Conclusion for April to July 2011:
- Great frustration: three months of rating development contrary to performance during that period.
- More great frustration for the sudden dramatic jump upwards in July. A jump totally inconsistent with the performance May to July. It would have made much more sense if the rating would have improved rather steadily during these three months.

August 2011:
51% but the rating goes upwards. Why has it not gone upwards more, earlier during May to July, when my winning percentages were significantly higher than in August?! This is frustrating again; the rating development defies performance.

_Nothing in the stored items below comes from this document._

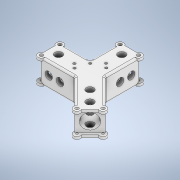
# Autodesk Inventor part: BracketV3
Saved by Autodesk Inventor 2022 (Build 260153000, 153)
## iProperties
Created: 2022-02-09
Part Number: BracketV3
Material: Generic
Document SubType Name: Modeling
Designer: ultra
Density: 1 g/cm^3
Appearance: Smooth - White
Author: ultra
Autodesk Inventor part; units mm, degrees
ref_plane "YZ Plane" through (0, 0, 0) normal (1, 0, 0) x (0, 1, 0)
ref_plane "XZ Plane" through (0, 0, 0) normal (0, 1, 0) x (-1, 0, 0)
ref_plane "XY Plane" through (0, 0, 0) normal (0, 0, 1) x (1, 0, 0)
sketch "Sketch1" plane through (0, 0, 0) normal (1, 0, 0) x (0, 1, 0)
  line L0 (0, 0) -> (41.5544, 0)
  line L1 (41.5544, 0) -> (41.5544, 37.0078)
  line L2 (41.5544, 37.0078) -> (0, 37.0078)
  line L3 (0, 37.0078) -> (0, 0)
  circle A0 centre (20.7772, 18.5039) radius 12.8778
  dimension "d0" = 41.5544
  dimension "d1" = 37.0078
  dimension "d2" = 25.7556
  constraints: 8 end point, 2 parallel, 1 centre point, 1 horizontal, 1 perpendicular
  measures "d0" distance of L2.end L1.end
  measures "d1" distance of L1.end L0.end
  measures "d2" diameter of A0
extrude "Extrusion1" add sketch "Sketch1" along normal blind 50.8
sketch "Sketch2" plane through (0, 0, 0) normal (0, 0, -1) x (-1, 0, 0)
  line L0 (-50.8, 0) -> (-50.8, 41.5544) projected
  line L1 (-50.8, 41.5544) -> (-87.8078, 41.5544)
  line L2 (-87.8078, 41.5544) -> (-87.8078, 0)
  line L3 (-87.8078, 0) -> (-50.8, 0)
  line L4 (-50.8, 0) -> (-50.8, 41.5544)
  circle A0 centre (-69.3039, 20.7772) radius 12.8778
  dimension "d5" = 37.0078
  dimension "d6" = 25.7556
  constraints: 8 end point, 2 parallel, 1 centre point, 1 horizontal, 1 perpendicular
  measures "d5" distance of L3.end L2.end
  measures "d6" diameter of A0
extrude "Extrusion2" add sketch "Sketch2" against normal up to surface (37.0078 mm away) contours L3 L2 L1 L0 | A0
sketch "Sketch3" plane through (0, 0, 0) normal (0, 0, -1) x (-1, 0, 0)
  line L0 (0, 41.5544) -> (-87.8078, 41.5544) projected
  line L1 (-87.8078, 41.5544) -> (-87.8078, 0) projected
  line L2 (0, 0) -> (-87.8078, 0) projected
  line L3 (0, 0) -> (-87.8078, 0) projected
  line L4 (-87.8078, 41.5544) -> (-50.8, 41.5544)
  line L5 (-50.8, 41.5544) -> (-50.8, 0)
  line L6 (-50.8, 0) -> (-87.8078, 0)
  line L7 (-87.8078, 0) -> (-87.8078, 41.5544)
  circle A0 centre (-69.3039, 20.7772) radius 12.8778
  point P0 (-50.8, 0)
  dimension "d9" = 37.0078
  dimension "d10" = 25.7556
  constraints: 8 end point, 2 parallel, 1 centre point, 1 horizontal, 1 perpendicular, 1 point on line
  measures "d9" distance of L5.end L6.end
  measures "d10" diameter of A0
extrude "Extrusion3" add sketch "Sketch3" along normal blind 50.8
sketch "Sketch4" plane through (0, 41.5544, 37.0078) normal (0, 1, 0) x (1, 0, 0)
  line L0 (0, 0) -> (87.8078, 0) projected
  line L1 (87.8078, 87.8078) -> (87.8078, 0) projected
  line L2 (50.8, 37.0078) -> (50.8, 87.8078) projected
  line L3 (87.8078, 0) -> (87.8078, 87.8078) projected
  line L4 (50.8, 37.0078) -> (87.8078, 0)
  line L5 (87.8078, 0) -> (123.1594, -36.4815)
  line L6 (87.8078, 0) -> (100.892, 13.0842)
  line L7 (0, 0) -> (87.8078, 0) projected
  line L8 (87.8078, 0) -> (74.7236, -13.0842)
  line L9 (100.892, 13.0842) -> (87.8078, 26.1685)
  line L10 (74.7236, -13.0842) -> (61.6393, 0)
  line L11 (100.892, 13.0842) -> (136.8086, -22.8323)
  line L12 (136.8086, -22.8323) -> (123.1594, -36.4815)
  line L13 (123.1594, -36.4815) -> (110.6401, -49.0008)
  line L14 (123.1594, -36.4815) -> (140.8643, -36.4815) construction
  line L15 (110.6401, -49.0008) -> (74.7236, -13.0842)
  dimension "d13" = 50.8
  dimension "d14" = 18.5039
  dimension "d15" = 18.5039
  dimension "d16" = 135
  constraints: 22 end point, 4 point on line, 3 perpendicular, 1 equal length, 1 horizontal
  measures "d13" distance of L0.end L5.end
  measures "d14" distance of L0.end L6.end
  measures "d15" distance of L0.end L8.end
  measures "d16" angle of L13 L14
extrude "Extrusion4" add sketch "Sketch4" against normal up to surface (41.5544 mm away)
sketch "Sketch5" plane through (136.8086, 0, 59.8401) normal (0.7071068, 0, 0.7071068) x (0.7071068, 0, -0.7071068)
  line L0 (-18.5039, 41.5544) -> (-18.5039, 0) projected
  circle A0 centre (-18.5039, 20.7772) radius 12.8778
  point P0 (-54.4249, 0)
  dimension "d19" = 25.7556
  constraints: 1 centre point, 1 midpoint
  measures "d19" diameter of A0
extrude "Extrusion5" cut sketch "Sketch5" against normal blind 76.2
sketch "Sketch6" plane through (0, 41.5544, 37.0078) normal (0, 1, 0) x (1, 0, 0)
  line L0 (0, 37.0078) -> (0, 0) projected
  line L1 (0, 0) -> (61.6393, 0) projected
  line L2 (61.6393, 0) -> (110.6401, -49.0008) projected
  line L3 (110.6401, -49.0008) -> (136.8086, -22.8323) projected
  line L4 (136.8086, -22.8323) -> (87.8078, 26.1685) projected
  line L5 (87.8078, 87.8078) -> (87.8078, 26.1685) projected
  line L6 (50.8, 87.8078) -> (87.8078, 87.8078) projected
  line L7 (50.8, 37.0078) -> (50.8, 87.8078) projected
  line L8 (0, 37.0078) -> (50.8, 37.0078) projected
  line L9 (0, 18.5039) -> (69.3039, 18.5039)
  line L10 (69.3039, 18.5039) -> (69.3039, 87.8078)
  line L11 (56.4261, 87.8078) -> (82.1817, 87.8078) projected
  line L12 (69.3039, 18.5039) -> (123.7244, -35.9166)
  circle A0 centre (2.4892, 2.879) radius 1.778
  circle A1 centre (2.4892, 34.1288) radius 1.778
  circle A2 centre (84.9288, 85.3186) radius 1.778
  circle A3 centre (53.679, 85.3186) radius 1.778
  circle A4 centre (110.9158, -45.2049) radius 1.778
  circle A5 centre (133.0127, -23.108) radius 1.778
  dimension "d22" = 3.556
  dimension "d23" = 3.556
  dimension "d24" = 2.4892
  dimension "d25" = 2.4892
  dimension "d26" = 2.879
  dimension "d27" = 2.879
  dimension "d28" = 3.556
  dimension "d29" = 3.556
  dimension "d30" = 2.4892
  dimension "d31" = 2.4892
  dimension "d32" = 2.879
  dimension "d33" = 2.879
  dimension "d34" = 3.556
  dimension "d35" = 3.556
  dimension "d36" = 2.4892
  dimension "d37" = 2.4892
  dimension "d38" = 2.879
  dimension "d39" = 2.879
  constraints: 6 centre point, 6 end point, 3 midpoint, 1 perpendicular
  measures "d22" diameter of A0
  measures "d23" diameter of A1
  measures "d24" distance from line of L0 A0.centre
  measures "d25" distance from line of L0 A1.centre
  measures "d26" distance from line of L1 A0.centre
  measures "d27" distance from line of L8 A1.centre
  measures "d28" diameter of A2
  measures "d29" diameter of A3
  measures "d30" vertical distance of L11.start A3.centre
  measures "d31" distance from line of L6 A2.centre
  measures "d32" distance from line of L5 A2.centre
  measures "d33" distance from line of L7 A3.centre
  measures "d34" diameter of A4
  measures "d35" diameter of A5
  measures "d36" distance from line of L3 A4.centre
  measures "d37" distance from line of L3 A5.centre
  measures "d38" distance from line of L4 A5.centre
  measures "d39" distance from line of L2 A4.centre
extrude "Extrusion6" cut sketch "Sketch6" against normal blind 50.8 contours A0 | A1 | A2 | A3 | A4 | A5
sketch "Sketch7" plane through (0, 41.5544, 37.0078) normal (0, 1, 0) x (1, 0, 0)
  circle A0 centre (2.4892, 2.879) radius 1.778 projected
  circle A1 centre (110.9158, -45.2049) radius 1.778 projected
  circle A2 centre (53.679, 85.3186) radius 1.778 projected
  circle A3 centre (2.4892, 34.1288) radius 1.778 projected
  circle A4 centre (84.9288, 85.3186) radius 1.778 projected
  line L0 (0, 37.0078) -> (0, 0) projected
  line L1 (0, 0) -> (61.6393, 0) projected
  line L2 (61.6393, 0) -> (110.6401, -49.0008) projected
  line L3 (110.6401, -49.0008) -> (136.8086, -22.8323) projected
  line L4 (136.8086, -22.8323) -> (87.8078, 26.1685) projected
  line L5 (87.8078, 87.8078) -> (87.8078, 26.1685) projected
  line L6 (50.8, 87.8078) -> (87.8078, 87.8078) projected
  line L7 (50.8, 37.0078) -> (50.8, 87.8078) projected
  line L8 (0, 37.0078) -> (50.8, 37.0078) projected
  circle A5 centre (133.0127, -23.108) radius 1.778 projected
  circle A6 centre (133.0127, -23.108) radius 6
  circle A7 centre (110.9158, -45.2049) radius 6
  circle A8 centre (2.4892, 2.879) radius 6
  circle A9 centre (2.4892, 34.1288) radius 6
  circle A10 centre (53.679, 85.3186) radius 6
  circle A11 centre (84.9288, 85.3186) radius 6
  point P0 (0, 8.3383)
  point P1 (7.7534, 0)
  point P2 (7.7534, 37.0078)
  point P3 (0, 28.6695)
  point P4 (59.1383, 87.8078)
  point P5 (50.8, 80.0544)
  point P6 (79.4695, 87.8078)
  point P7 (87.8078, 80.0544)
  point P8 (130.9126, -28.7284)
  point P9 (131.3262, -17.3499)
  point P10 (105.1577, -43.5184)
  point P11 (116.5362, -43.1048)
  dimension "d42" = 12
  dimension "d43" = 12
  dimension "d44" = 12
  dimension "d45" = 12
  dimension "d46" = 12
  dimension "d47" = 12
  constraints: 6 centre point, 6 coincident
  measures "d42" diameter of A6
  measures "d43" diameter of A7
  measures "d44" diameter of A8
  measures "d45" diameter of A9
  measures "d46" diameter of A10
  measures "d47" diameter of A11
extrude "Extrusion7" add sketch "Sketch7" against normal blind 4.7752 contours L0 A9 L8 | L0 L1 A8 | A10 L6 L7 | L2 L3 A7 | A11 L5 L6 | L3 L4 A6 picked at (-0.4033, 31.694) picked at (-0.4033, 5.3138) picked at (56.1138, 88.2111) picked at (106.9061, -45.8277) picked at (82.5067, 88.2271) picked at (133.3453, -26.876)
sketch "Sketch8" plane through (0, 0, 0) normal (0, -1, 0) x (1, 0, 0)
  circle A0 centre (2.4892, 34.1288) radius 1.778 projected
  circle A1 centre (53.679, -48.3108) radius 1.778 projected
  circle A2 centre (2.4892, 2.879) radius 1.778 projected
  circle A3 centre (84.9288, -48.3108) radius 1.778 projected
  line L0 (0, 37.0078) -> (0, 0) projected
  line L1 (0, 0) -> (50.8, 0) projected
  line L2 (50.8, 0) -> (50.8, -50.8) projected
  line L3 (87.8078, -50.8) -> (50.8, -50.8) projected
  line L4 (87.8078, 10.8393) -> (87.8078, -50.8) projected
  line L5 (136.8086, 59.8401) -> (87.8078, 10.8393) projected
  line L6 (110.6401, 86.0086) -> (136.8086, 59.8401) projected
  line L7 (61.6393, 37.0078) -> (110.6401, 86.0086) projected
  line L8 (0, 37.0078) -> (61.6393, 37.0078) projected
  circle A4 centre (110.9158, 82.2127) radius 1.778 projected
  circle A5 centre (110.9158, 82.2127) radius 6
  circle A6 centre (133.0127, 60.1158) radius 1.778 projected
  circle A7 centre (133.0127, 60.1158) radius 6
  circle A8 centre (84.9288, -48.3108) radius 6
  circle A9 centre (53.679, -48.3108) radius 6
  circle A10 centre (2.4892, 2.879) radius 6
  circle A11 centre (2.4892, 34.1288) radius 6
  point P0 (0, 8.3383)
  point P1 (7.7534, 0)
  point P2 (7.7534, 37.0078)
  point P3 (0, 28.6695)
  point P4 (116.5362, 80.1126)
  point P5 (105.1577, 80.5262)
  point P6 (131.3262, 54.3577)
  point P7 (130.9126, 65.7362)
  point P8 (87.8078, -43.0466)
  point P9 (79.4695, -50.8)
  point P10 (50.8, -43.0466)
  point P11 (59.1383, -50.8)
  dimension "d50" = 12
  constraints: 6 centre point, 6 coincident
  measures "d50" diameter of A5
extrude "Extrusion8" add sketch "Sketch8" against normal blind 4.7752 contours L0 A11 L8 | L0 L1 A10 | A5 L6 L7 | L2 L3 A9 | A7 L5 L6 | L3 L4 A8 picked at (-0.4033, 31.694) picked at (-0.4033, 5.3138) picked at (106.9061, 82.8355) picked at (56.1138, -51.2033) picked at (133.3453, 63.8838) picked at (82.5067, -51.2193)
sketch "Sketch9" plane through (0, 41.5544, 28.6695) normal (0, 1, 0) x (1, 0, 0)
  circle A0 centre (2.4892, -5.4593) radius 1.778 projected
  circle A1 centre (110.9158, -53.5432) radius 1.778 projected
  circle A2 centre (53.679, 76.9803) radius 1.778 projected
  circle A3 centre (2.4892, 25.7905) radius 1.778 projected
  circle A4 centre (133.0127, -31.4463) radius 1.778 projected
  circle A5 centre (84.9288, 76.9803) radius 1.778 projected
  arc A6 (0, 0) -> (7.7534, -8.3383) centre (2.4892, -5.4593) ccw projected
  arc A7 (105.1577, -51.8567) -> (116.5362, -51.443) centre (110.9158, -53.5432) ccw projected
  arc A8 (87.8078, 71.7161) -> (79.4695, 79.4695) centre (84.9288, 76.9803) ccw projected
  arc A9 (7.7534, 28.6695) -> (0, 20.3312) centre (2.4892, 25.7905) ccw projected
  circle A10 centre (110.9158, -53.5432) radius 2.95
  circle A11 centre (133.0127, -31.4463) radius 1.778 projected
  circle A12 centre (133.0127, -31.4463) radius 2.95
  circle A13 centre (84.9288, 76.9803) radius 2.95
  circle A14 centre (53.679, 76.9803) radius 1.778 projected
  circle A15 centre (53.679, 76.9803) radius 2.95
  circle A16 centre (2.4892, 25.7905) radius 2.95
  circle A17 centre (2.4892, -5.4593) radius 2.95
  point P0 (0, 28.6695)
  dimension "d53" = 5.9
  dimension "d54" = 5.9
  dimension "d55" = 5.9
  dimension "d56" = 5.9
  dimension "d57" = 5.9
  dimension "d58" = 5.9
  constraints: 6 centre point, 6 coincident
  measures "d53" diameter of A10
  measures "d54" diameter of A12
  measures "d55" diameter of A13
  measures "d56" diameter of A15
  measures "d57" diameter of A16
  measures "d58" diameter of A17
sketch "Sketch10" plane through (0, 0, -50.8) normal (0, 0, -1) x (-1, 0, 0)
  line L0 (-59.1383, 4.7752) -> (-50.8, 4.7752) projected
  line L1 (-50.8, 4.7752) -> (-50.8, 36.7792) projected
  line L2 (-50.8, 36.7792) -> (-59.1383, 36.7792) projected
  line L3 (-79.4695, 36.7792) -> (-87.8078, 36.7792) projected
  line L4 (-87.8078, 36.7792) -> (-87.8078, 4.7752) projected
  line L5 (-87.8078, 4.7752) -> (-79.4695, 4.7752) projected
  circle A0 centre (-69.3039, 20.7772) radius 12.8778 projected
  line L6 (-87.8078, 4.7752) -> (-50.8, 4.7752)
  line L7 (-50.8, 4.7752) -> (-50.8, 36.7792)
  line L8 (-50.8, 36.7792) -> (-87.8078, 36.7792)
  line L9 (-87.8078, 36.7792) -> (-87.8078, 4.7752)
  line L10 (-87.8078, 4.7752) -> (-50.8, 36.7792) construction
  line L11 (-50.8, 4.7752) -> (-87.8078, 36.7792) construction
  point P0 (0, 0)
  constraints: 12 end point, 2 midpoint, 2 parallel, 1 horizontal, 1 perpendicular
extrude "Extrusion9" cut sketch "Sketch10" against normal blind 5.0038
sketch "Sketch11" plane through (0, 0, 0) normal (-1, 0, 0) x (0, 0, 1)
  line L0 (28.6695, 4.7752) -> (37.0078, 4.7752) projected
  line L1 (37.0078, 36.7792) -> (37.0078, 4.7752) projected
  line L2 (37.0078, 36.7792) -> (28.6695, 36.7792) projected
  line L3 (8.3383, 36.7792) -> (0, 36.7792) projected
  line L4 (0, 4.7752) -> (0, 36.7792) projected
  line L5 (0, 4.7752) -> (8.3383, 4.7752) projected
  circle A0 centre (18.5039, 20.7772) radius 12.8778 projected
  line L6 (0, 4.7752) -> (37.0078, 4.7752)
  line L7 (37.0078, 4.7752) -> (37.0078, 36.7792)
  line L8 (37.0078, 36.7792) -> (0, 36.7792)
  line L9 (0, 36.7792) -> (0, 4.7752)
  line L10 (0, 4.7752) -> (37.0078, 36.7792) construction
  line L11 (37.0078, 4.7752) -> (0, 36.7792) construction
  point P0 (0, 0)
  constraints: 12 end point, 2 midpoint, 2 parallel, 1 horizontal, 1 perpendicular
extrude "Extrusion10" cut sketch "Sketch11" against normal blind 5.0038
sketch "Sketch12" plane through (130.9126, 36.7792, 65.7362) normal (0.7071068, 0, 0.7071068) x (0.7071068, 0, -0.7071068)
  line L0 (0, -32.004) -> (8.3383, -32.004) projected
  line L1 (8.3383, 0) -> (8.3383, -32.004) projected
  line L2 (8.3383, 0) -> (0, 0) projected
  line L3 (-20.3312, 0) -> (-28.6695, 0) projected
  line L4 (-28.6695, 0) -> (-28.6695, -32.004) projected
  line L5 (-28.6695, -32.004) -> (-20.3312, -32.004) projected
  circle A0 centre (-10.1656, -16.002) radius 12.8778 projected
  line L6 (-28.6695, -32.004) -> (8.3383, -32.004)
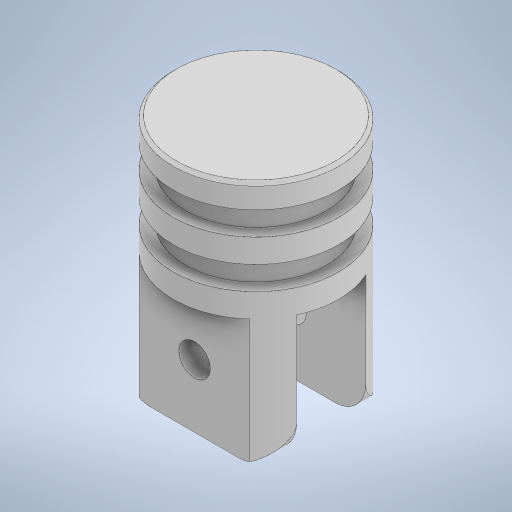
# Autodesk Inventor part: Piston Head
Saved by Autodesk Inventor 2023 (Build 270158000, 158)
## iProperties
Created: 2022-10-26
Part Number: Piston Head
Material: Generic
Document SubType Name: Modeling
Designer: tommy
Density: 1 g/cm^3
Appearance: Default
Author: tommy
Autodesk Inventor part; units mm, degrees
ref_plane "YZ Plane" through (0, 0, 0) normal (1, 0, 0) x (0, 1, 0)
ref_plane "XZ Plane" through (0, 0, 0) normal (0, 1, 0) x (-1, 0, 0)
ref_plane "XY Plane" through (0, 0, 0) normal (0, 0, 1) x (1, 0, 0)
sketch "Sketch5" plane through (0, 0, 0) normal (1, 0, 0) x (0, 1, 0)
  line L0 (15.875, -16.6688) -> (15.875, -14.2875)
  line L1 (15.875, -14.2875) -> (20.6375, -14.2875)
  line L2 (20.6375, -14.2875) -> (20.6375, -16.6688)
  line L3 (20.6375, -16.6688) -> (25.4, -16.6688)
  line L4 (25.4, -16.6688) -> (25.4, -14.2875)
  line L5 (25.4, -14.2875) -> (30.1625, -14.2875)
  line L6 (30.1625, -14.2875) -> (30.1625, -16.6688)
  line L7 (30.1625, -16.6688) -> (34.925, -16.6688)
  line L8 (34.925, -16.6688) -> (34.925, 0)
  line L9 (15.875, -16.6688) -> (11.0998, -16.6688)
  line L10 (34.925, 0) -> (11.0998, 0)
  line L11 (11.0998, -16.6688) -> (11.0998, 0)
  dimension "d15" = 2.3813
  dimension "d16" = 4.7625
  dimension "d17" = 4.7625
  dimension "d18" = 4.7625
  dimension "d19" = 4.7625
  dimension "d38" = 4.7752
  constraints: 24 end point, 4 point on line, 3 perpendicular, 2 vertical, 1 horizontal, 1 parallel
  measures "d15" distance of L0.start L0.end
  measures "d16" distance of L0.end L1.end
  measures "d17" distance of L2.end L3.end
  measures "d18" distance of L4.end L5.end
  measures "d19" distance of L6.end L7.end
  measures "d38" distance of L0.start L9.end
revolve "Revolution1" add sketch "Sketch5" angle 360 about axis through (0, 34.925, 0) along (0, -1, 0)
chamfer "Chamfer1" distance 0.635 angle 45 1 edges at (0, 34.925, 16.6688)
sketch "Sketch10" plane through (0, 11.0998, 0) normal (0, -1, 0) x (1, 0, 0)
  circle A0 centre (0, 0) radius 16.6687
  circle A1 centre (0, 0) radius 16.6687 projected
  line L0 (16.6687, 0) -> (-16.6687, 0)
  line L1 (-15.1346, -6.985) -> (15.1346, -6.985)
  line L2 (-11.1659, -12.3761) -> (11.1659, -12.3761)
  line L3 (-15.1346, 6.985) -> (15.1346, 6.985)
  line L4 (-11.1659, 12.3761) -> (11.1659, 12.3761)
  point P0 (15.1346, -6.985)
  point P1 (-15.1346, -6.985)
  point P2 (-15.1346, 6.985)
  point P3 (15.1346, 6.985)
  constraints: 10 end point, 6 point on circle, 4 symmetric about line, 2 horizontal, 1 centre point, 1 coincident
extrude "Extrusion4" add sketch "Sketch10" along normal blind 25.4 contours L3 A0 L4 | A0 L2 L1
sketch "Sketch11" plane through (-11.1659, 11.0998, 12.3761) normal (0, 0, 1) x (1, 0, 0)
  line L0 (0, 0) -> (22.3319, 0) projected
  circle A0 centre (11.1659, -12.7) radius 3.175
  line L1 (11.1659, -12.7) -> (26.3006, -12.7)
  line L2 (26.3006, 0) -> (26.3006, -25.4) projected
  line L3 (26.3006, -12.7) -> (26.3006, -19.05)
  line L4 (19.9506, -25.4) -> (11.1659, -25.4)
  line L5 (11.1659, -12.7) -> (-3.9687, -12.7)
  line L6 (-3.9687, -12.7) -> (-3.9687, -19.05)
  line L7 (2.3813, -25.4) -> (11.1659, -25.4)
  arc A1 (-3.9687, -19.05) -> (2.3813, -25.4) centre (2.3813, -19.05) ccw
  arc A2 (19.9506, -25.4) -> (26.3006, -19.05) centre (19.9506, -19.05) ccw
  line L8 (-3.9687, -12.7) -> (-7.4888, -12.7)
  line L9 (-7.4888, -12.7) -> (-7.4888, -35.2698)
  line L10 (-7.4888, -35.2698) -> (38.3229, -35.2698)
  line L11 (38.3229, -35.2698) -> (38.3229, -12.7)
  line L12 (38.3229, -12.7) -> (26.3006, -12.7)
  point P0 (11.1659, -11.0998)
  point P1 (26.3006, -19.05)
  dimension "d55" = 6.35
  dimension "d58" = 6.35
  constraints: 22 end point, 4 perpendicular, 4 point on circle, 4 tangent, 3 centre point, 3 point on line, 1 collinear, 1 equal radius, 1 horizontal
  measures "d55" diameter of A0
  measures "d58" radius of A1
extrude "Extrusion5" cut sketch "Sketch11" against normal blind 25.4 contours L1 L5 A0 | A0 L5 L1 | L12 L11 L10 L9 L8 L6 A1 L7 L4 A2 L2
body "Solid3"

Spetember to November 2011:
44%, 39%, 45% but the rating does not drop; instead the rating remains constant. This is frustrating. How can one be motivated to win more while even significantly below average results leave the rating constant?

December 2011:
71%, ok only 17 games, so not much data.

January 2012:
40%, 300 games. For the first time(!), the rating develops as it should: it drops. That it drops only ca. 15% of a rank shows just how very heavy rating changes are! This is frustrating again because 1) it promises just how difficult it will be to increase 15% of a rank and 2) watching some other players with rank changes by 2+ ranks due to just a few played games confirms that playing too many games is a punished.

Feburary + March 2012:
63%, 56 games. 75%, 12 games. This is one of the rare cases where the rating moves up dramatically. More great frustration! Frustration because I have no idea whatsoever why suddenly exceptionally KGS fulfils the player's dream. January with 40%, 300 games would have suggested something very different. The percentages from August to January also would have suggested something very different. Furthermore, the comparison with 62%, average 149 games during May to July 2011 with almost thrice as many games as February 2012 would have suggested that the rating development in Feburary + March 2012 could at most have the increment of May to July 2011; but now the rating increment is greater. Great frustration: three reasons why the new increment did not make sense.

April 2012:
2 games, constant rating. This is only the second month of 13 months with a reasonable rating development. Very sad: When I do not play, my rating development makes much more sense than when I play.

May 2012:
The greatest frustration of all: a manual server shift drops the rating by ca 35% of a rank.

Overall conclusion:
For by far most of the time, the rating developments create frustration instead of good meaning.

Note:
Remarks like "the system is good enough" while the most obviously it is bad multiply that frustration.